The Global Assessment of Migraine Severity (GAMS) is a valid tool to measure the severity of patient-reported migraine and may be a brief and efficient way to identify clinical and psychological determinants and mediators of patient-reported severity of migraine, according to a study published in BMC Neurology.
Researchers hypothesized that patients’ ratings of migraine severity would be strongly correlated with other validated measures of migraine severity and patients’ psychosocial characteristics. They recruited a cohort of 263 adult patients with migraine consecutively enrolled in the Neurological Disease and Depression Study in Calgary, Canada between 2012 and January 2013.
Patients enrolled were at least 18 years old, and spoke and read English. They also had no hearing impairment, diagnosis of dementia, development delay, or aphasia.
The investigators obtained a broad range of clinical (migraine frequency, subtype, number of years since migraine onset, the effect from medication) and patient-reported measures (patients’ ratings of migraine severity using GAMS and migraine-related disability, as measured by the Migraine Disability Scale [MIDAS]). Depression was measured using the 9-item Patient Health Questionnaire and the 14-item Hospital Anxiety and Depression Scale.
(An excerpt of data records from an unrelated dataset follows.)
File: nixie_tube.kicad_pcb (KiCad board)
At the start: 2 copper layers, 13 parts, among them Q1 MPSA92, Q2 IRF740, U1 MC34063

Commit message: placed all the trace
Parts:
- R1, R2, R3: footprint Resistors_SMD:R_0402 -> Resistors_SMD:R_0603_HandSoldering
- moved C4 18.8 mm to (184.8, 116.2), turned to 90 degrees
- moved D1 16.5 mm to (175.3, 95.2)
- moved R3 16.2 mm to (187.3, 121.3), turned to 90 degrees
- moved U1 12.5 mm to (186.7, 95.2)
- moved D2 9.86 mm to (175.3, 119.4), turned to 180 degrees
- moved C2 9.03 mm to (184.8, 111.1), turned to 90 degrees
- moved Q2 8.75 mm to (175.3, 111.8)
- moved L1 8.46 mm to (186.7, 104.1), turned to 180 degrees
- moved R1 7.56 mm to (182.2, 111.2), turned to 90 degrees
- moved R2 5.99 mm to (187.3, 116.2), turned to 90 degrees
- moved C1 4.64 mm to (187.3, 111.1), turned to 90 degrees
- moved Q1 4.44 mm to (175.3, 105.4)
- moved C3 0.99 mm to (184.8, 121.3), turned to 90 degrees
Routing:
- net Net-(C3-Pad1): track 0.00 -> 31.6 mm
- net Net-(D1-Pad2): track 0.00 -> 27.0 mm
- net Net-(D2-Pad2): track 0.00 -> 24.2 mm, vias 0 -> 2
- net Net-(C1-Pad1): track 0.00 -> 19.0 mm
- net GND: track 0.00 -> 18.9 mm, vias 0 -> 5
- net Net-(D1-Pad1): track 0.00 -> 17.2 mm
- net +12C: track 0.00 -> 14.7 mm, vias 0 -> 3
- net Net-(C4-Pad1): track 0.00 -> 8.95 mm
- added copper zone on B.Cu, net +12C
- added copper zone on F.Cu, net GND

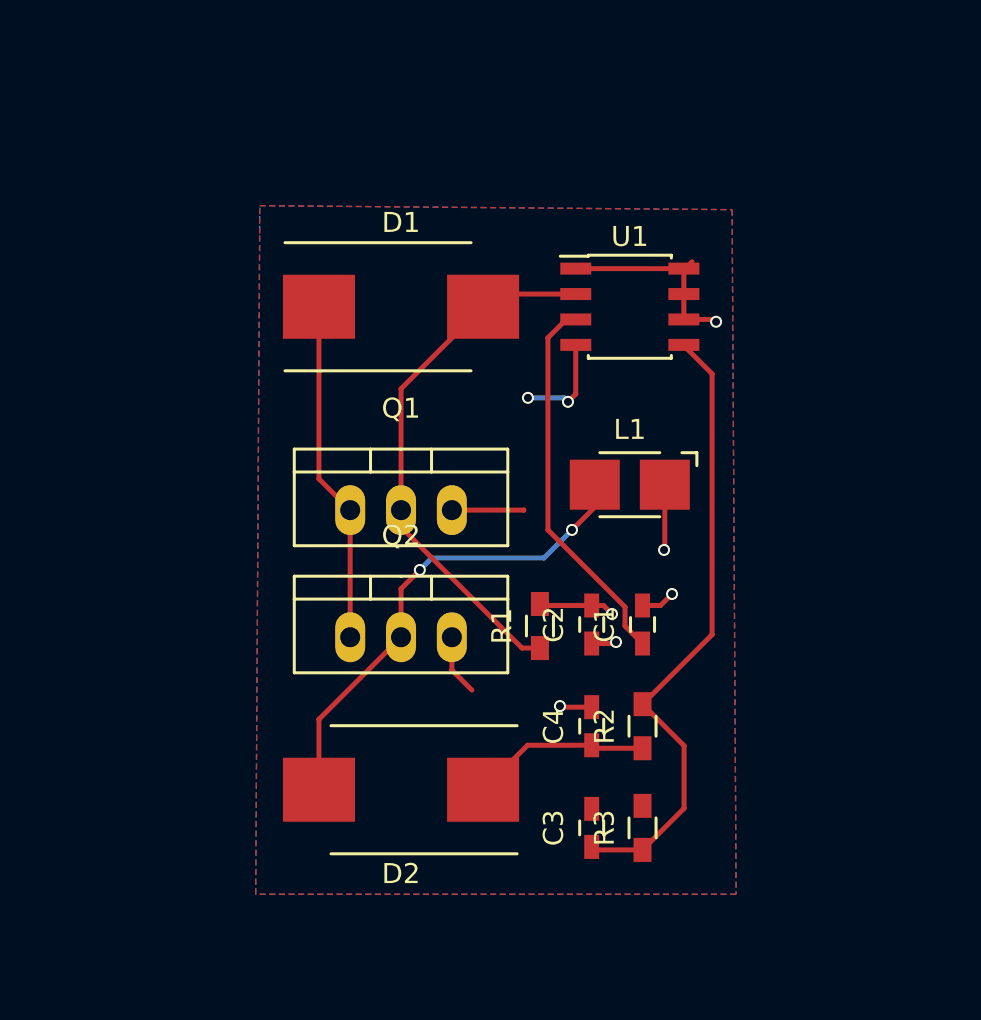
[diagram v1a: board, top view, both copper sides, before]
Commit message: added DC-jack schematic
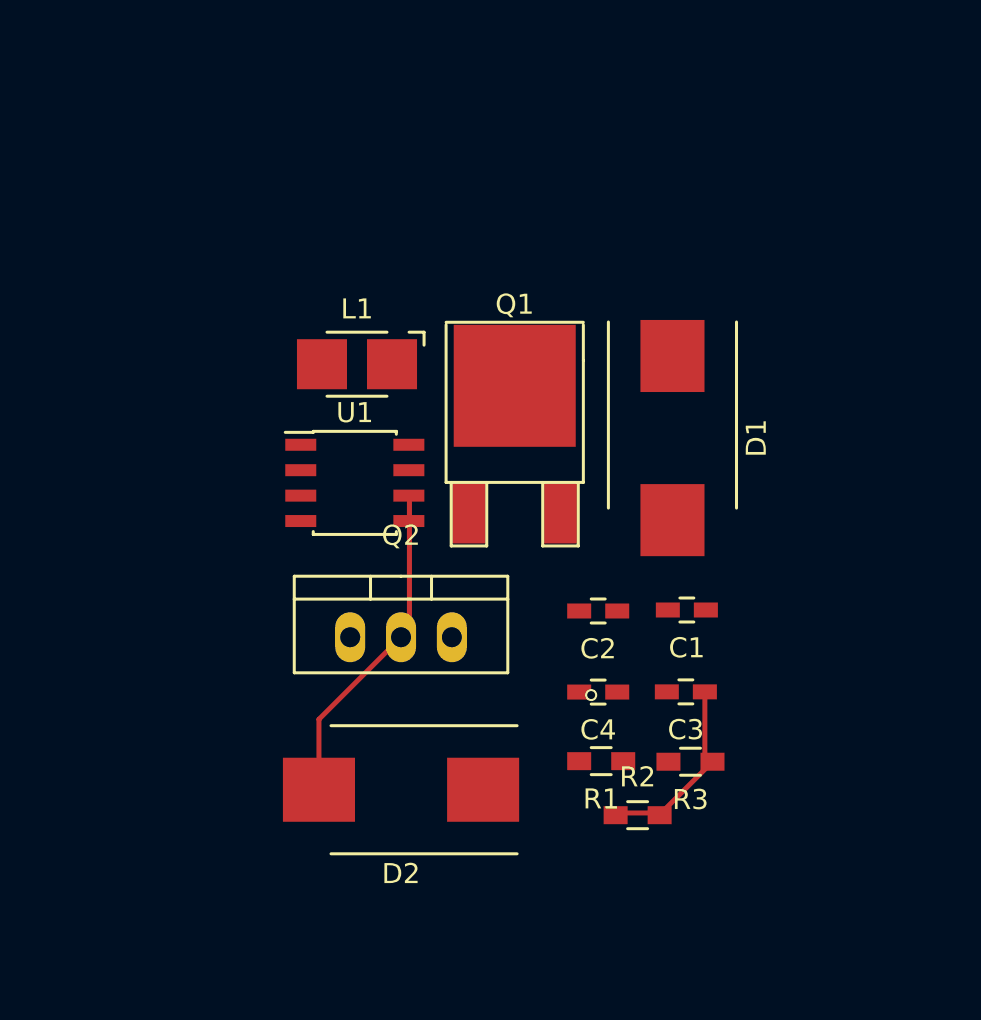
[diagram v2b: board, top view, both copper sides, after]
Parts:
- Q1: footprint TO_SOT_Packages_THT:TO-220_Neutral123_Vertical -> TO_SOT_Packages_SMD:TO-252-2Lead
- moved U1 16.3 mm to (172.9, 104.0)
- moved D1 15.1 mm to (188.8, 101.8), turned to 270 degrees
- moved L1 14.9 mm to (173.1, 98.1)
- moved C3 8.26 mm to (189.5, 114.5), turned to 180 degrees
- moved R1 7.41 mm to (185.3, 118.0), turned to 180 degrees
- moved Q1 5.68 mm to (180.9, 105.5)
- moved R2 4.45 mm to (187.1, 120.7), turned to 0 degrees
- moved R3 4.08 mm to (189.7, 118.0), turned to 180 degrees
- moved C1 2.33 mm to (189.5, 110.4), turned to 180 degrees
- moved C4 1.74 mm to (185.1, 114.5), turned to 180 degrees
- moved C2 0.75 mm to (185.1, 110.5), turned to 180 degrees
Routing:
- net Net-(D1-Pad2): track 27.0 -> 0.00 mm
- net Net-(C3-Pad1): track 31.6 -> 7.27 mm
- net Net-(C1-Pad1): track 19.0 -> 0.00 mm
- net GND: track 18.9 -> 0.00 mm, vias 5 -> 1
- net Net-(D1-Pad1): track 17.2 -> 0.00 mm
- net +12C: track 14.7 -> 0.00 mm, vias 3 -> 0
- net Net-(D2-Pad2): track 24.2 -> 15.7 mm, vias 2 -> 0
- net Net-(C4-Pad1): track 8.95 -> 1.76 mm
- removed copper zone on B.Cu, net +12C
- removed copper zone on F.Cu, net GND

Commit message: created 4A inductor footprint, reorganize components
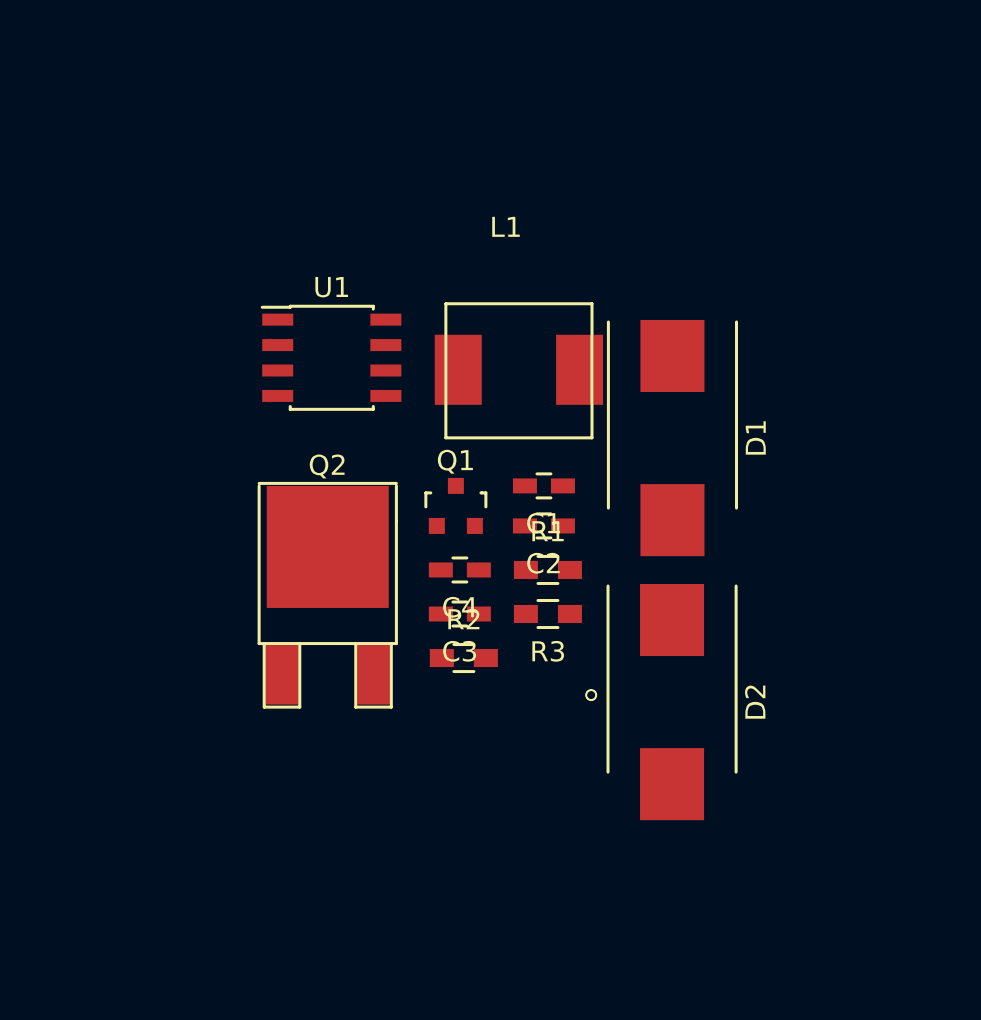
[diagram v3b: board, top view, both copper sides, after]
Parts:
- L1: footprint Inductors:Inductor_1212 -> nixie-tube-fp:0630-10UH
- Q1: footprint TO_SOT_Packages_SMD:TO-252-2Lead -> TO_SOT_Packages_SMD:SOT-23
- Q2: footprint TO_SOT_Packages_THT:TO-220_Neutral123_Vertical -> TO_SOT_Packages_SMD:TO-252-2Lead
- moved D2 14.2 mm to (188.8, 115.0), turned to 270 degrees
- moved C3 11.9 mm to (178.2, 110.6)
- moved R2 11.7 mm to (178.4, 112.8)
- moved R3 10.3 mm to (182.6, 110.6)
- moved R1 9.91 mm to (182.6, 108.4), turned to 0 degrees
- moved C1 9.46 mm to (182.4, 104.2)
- moved C4 9.22 mm to (178.2, 108.4)
- moved L1 8.14 mm to (181.2, 98.4)
- moved U1 6.35 mm to (171.8, 97.8)
- moved C2 5.04 mm to (182.4, 106.2)
- moved Q2 4.10 mm to (171.6, 113.6)
- moved Q1 2.96 mm to (178.0, 105.2)
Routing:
- net Net-(D2-Pad2): track 15.7 -> 0.00 mm
- net Net-(C3-Pad1): track 7.27 -> 0.00 mm
- net Net-(C4-Pad1): track 1.76 -> 0.00 mm
- net GND: vias 1 -> 0
- net (no net): vias 0 -> 1

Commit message: added pin headers for output
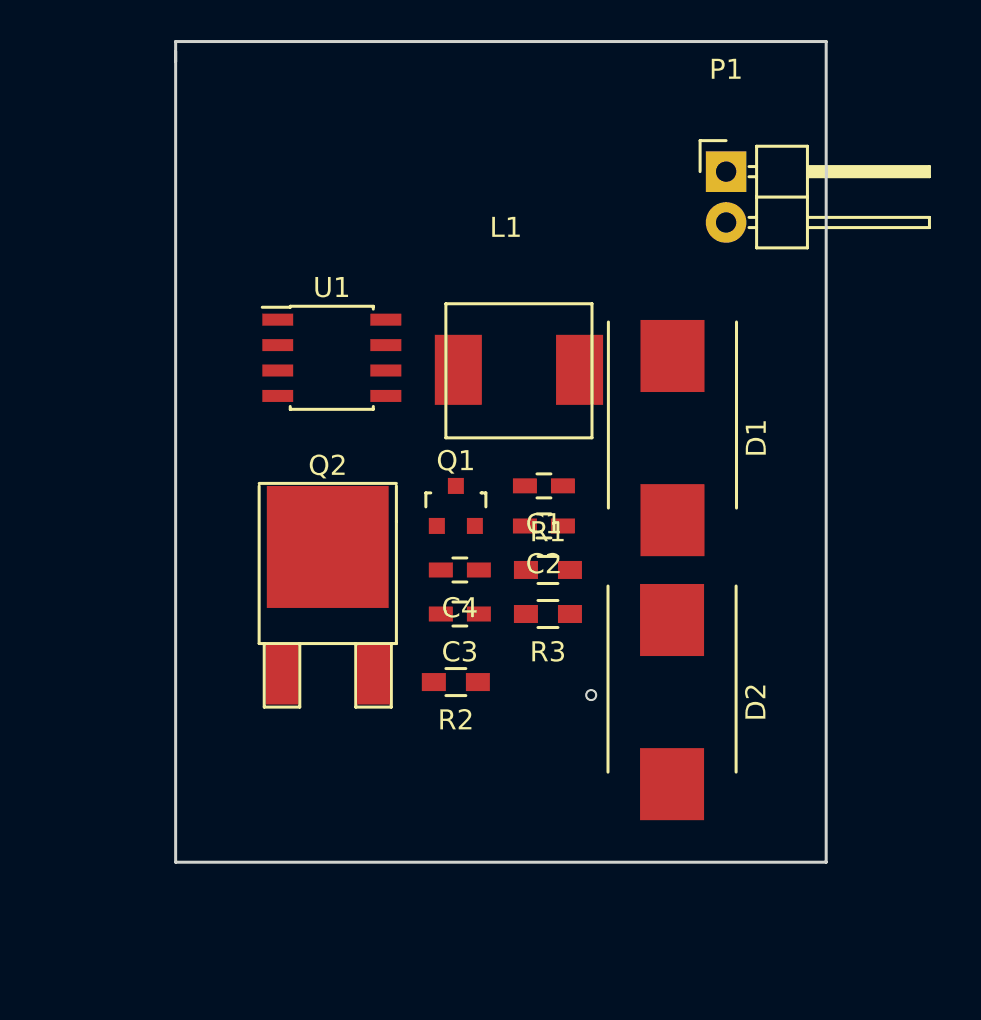
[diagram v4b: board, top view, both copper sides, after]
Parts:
- added P1: CONN_01X02, Pin_Headers:Pin_Header_Angled_1x02, F.Cu at (191.5, 88.5)
- moved R2 1.26 mm to (178.0, 114.0), turned to 180 degrees
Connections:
- net +12C renamed Net-(C2-Pad1)
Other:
- board outline added: 32.5 x 41 mm

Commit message: added 5 female and male pin headers at schematic
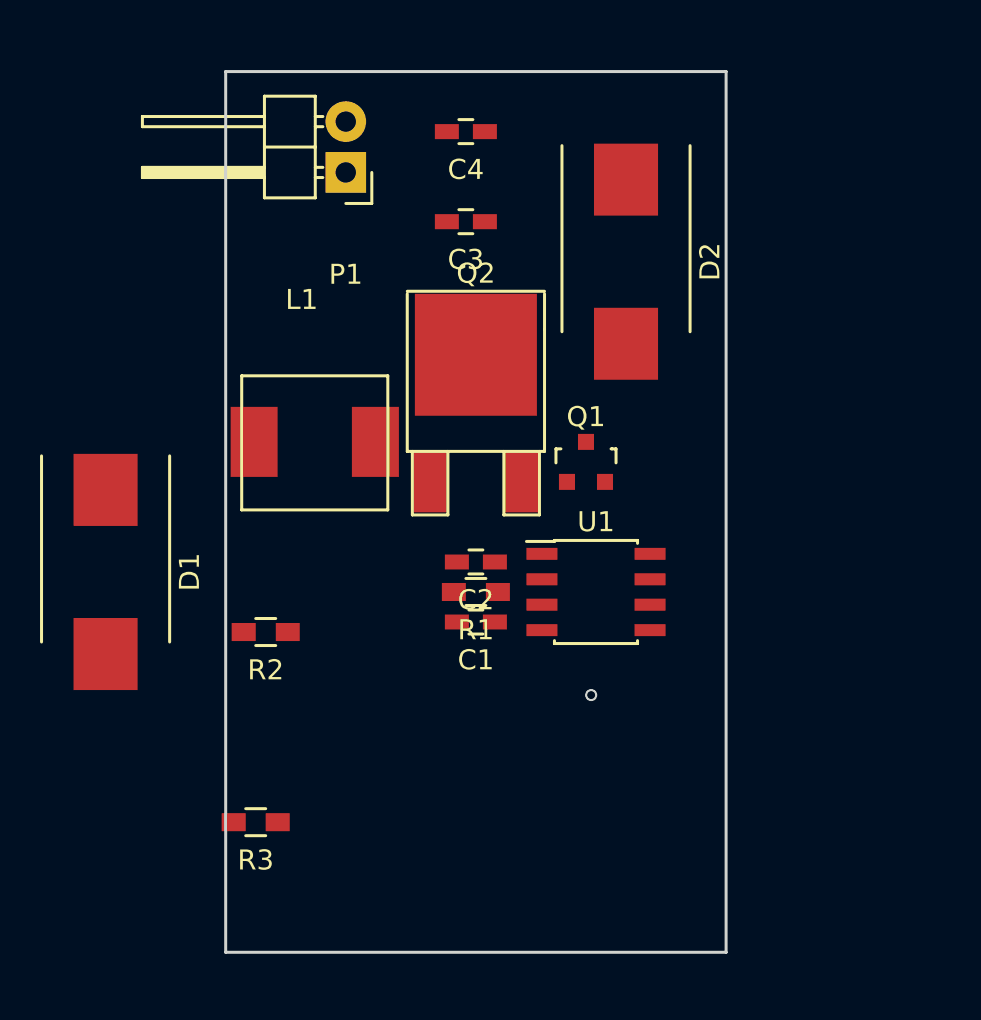
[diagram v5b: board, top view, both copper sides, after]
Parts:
- moved D1 29.1 mm to (160.5, 108.5)
- moved D2 22.1 mm to (186.5, 93.0)
- moved C4 21.9 mm to (178.5, 86.5)
- moved C3 19.6 mm to (178.5, 91.0)
- moved P1 19.0 mm to (172.5, 88.5), turned to 180 degrees
- moved R3 17.9 mm to (168.0, 121.0)
- moved U1 17.6 mm to (185.0, 109.5)
- moved Q2 12.1 mm to (179.0, 104.0)
- moved L1 10.8 mm to (171.0, 102.0)
- moved R2 9.82 mm to (168.5, 111.5)
- moved C1 7.60 mm to (179.0, 111.0)
- moved Q1 6.86 mm to (184.5, 103.0)
- moved C2 3.85 mm to (179.0, 108.0)
- moved R1 3.76 mm to (179.0, 109.5), turned to 180 degrees
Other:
- board size 32.5 x 41 mm -> 25 x 44 mm
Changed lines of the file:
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@@
-(kicad_pcb (version 4) (host pcbnew 4.0.2+dfsg1-stable)
+(kicad_pcb (version 4) (host pcbnew 4.0.7)
   (general
     (links 28)
     (no_connects 28)
-    (area 163.924999 81.924999 196.575001 123.075001)
+    (area 166 83 191.5 127.5)
     (thickness 1.6)
-    (drawings 11)
+    (drawings 10)
     (tracks 1)
     (zones 0)
@@
     (pad_to_mask_clearance 0.2)
     (aux_axis_origin 0 0)
-    (visible_elements FFFFFF7F)
+    (visible_elements 7FFEFFFF)
     (pcbplotparams
       (layerselection 0x00030_80000001)
@@
     (add_net "Net-(D2-Pad2)")
   )
-  (module Capacitors_SMD:C_0603_HandSoldering (layer F.Cu)
-    (at 182.4 104.2 180)
+  (module Capacitors_SMD:C_0603_HandSoldering placed (layer F.Cu)
+    (at 179 111 180)
     (descr "Capacitor SMD 0603, hand soldering")
     (tags "capacitor 0603")
@@
     )
   )
-  (module Capacitors_SMD:C_0603_HandSoldering (layer F.Cu)
-    (at 182.4 106.2 180)
+  (module Capacitors_SMD:C_0603_HandSoldering placed (layer F.Cu)
+    (at 179 108 180)
     (descr "Capacitor SMD 0603, hand soldering")
     (tags "capacitor 0603")
@@
     )
   )
-  (module Capacitors_SMD:C_0603_HandSoldering (layer F.Cu)
-    (at 178.2 110.6 180)
+  (module Capacitors_SMD:C_0603_HandSoldering placed (layer F.Cu)
+    (at 178.5 91 180)
     (descr "Capacitor SMD 0603, hand soldering")
     (tags "capacitor 0603")
@@
     )
   )
-  (module Capacitors_SMD:C_0603_HandSoldering (layer F.Cu)
-    (at 178.2 108.4 180)
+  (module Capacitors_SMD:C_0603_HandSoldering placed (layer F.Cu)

Median regression analysis was used to examine the predictors of patient ratings of migraine severity.
Of the 263 participants, 209 (79.4%) were women, 66.5% were married or in a common-law relationship, and the mean age was 42.5 years (SD=13.2). Of these, 177 (67.4%) participants reported “moderately severe” to “extremely severe” migraine on the GAMS, and 100 (31.6%) patients had chronic migraine.
Patients’ report of severity on the GAMS was strongly correlated with patients’ ratings of MIDAS global severity question, overall MIDAS score, migraine type, 9-item Patient Health Questionnaire score, and frequency of migraine attacks.
Mediation analyses revealed that MIDAS mediated the effect of depression on patient ratings of migraine severity, accounting for about 32% of the total effect of depression. Overall, migraine subtype, the frequency of migraine, employment status, depression, and migraine-related disability were statistically significant predictors of patient-ratings of migraine severity.
The limitations of the study included the lack of assessment of the reliability of GAMS due to the cross-sectional nature of the study design. Some of the included participants may have had concomitant medication overuse headache. Across subgroups, there might have been variations in the degree of migraine severity, which could have limited the generalizability of the study.
Researchers of the study concluded that GAMS can be used to obtain a global statement directly from patients about their perception of migraine severity, which makes it an ideal tool to assess the severity of migraine in busy clinical settings.
Reference
Sajobi TT, Amoozegar F, Wang M, et al. Global assessment of migraine severity measure: preliminary evidence of construct validity. BMC Neurol. 2019;19(1):53.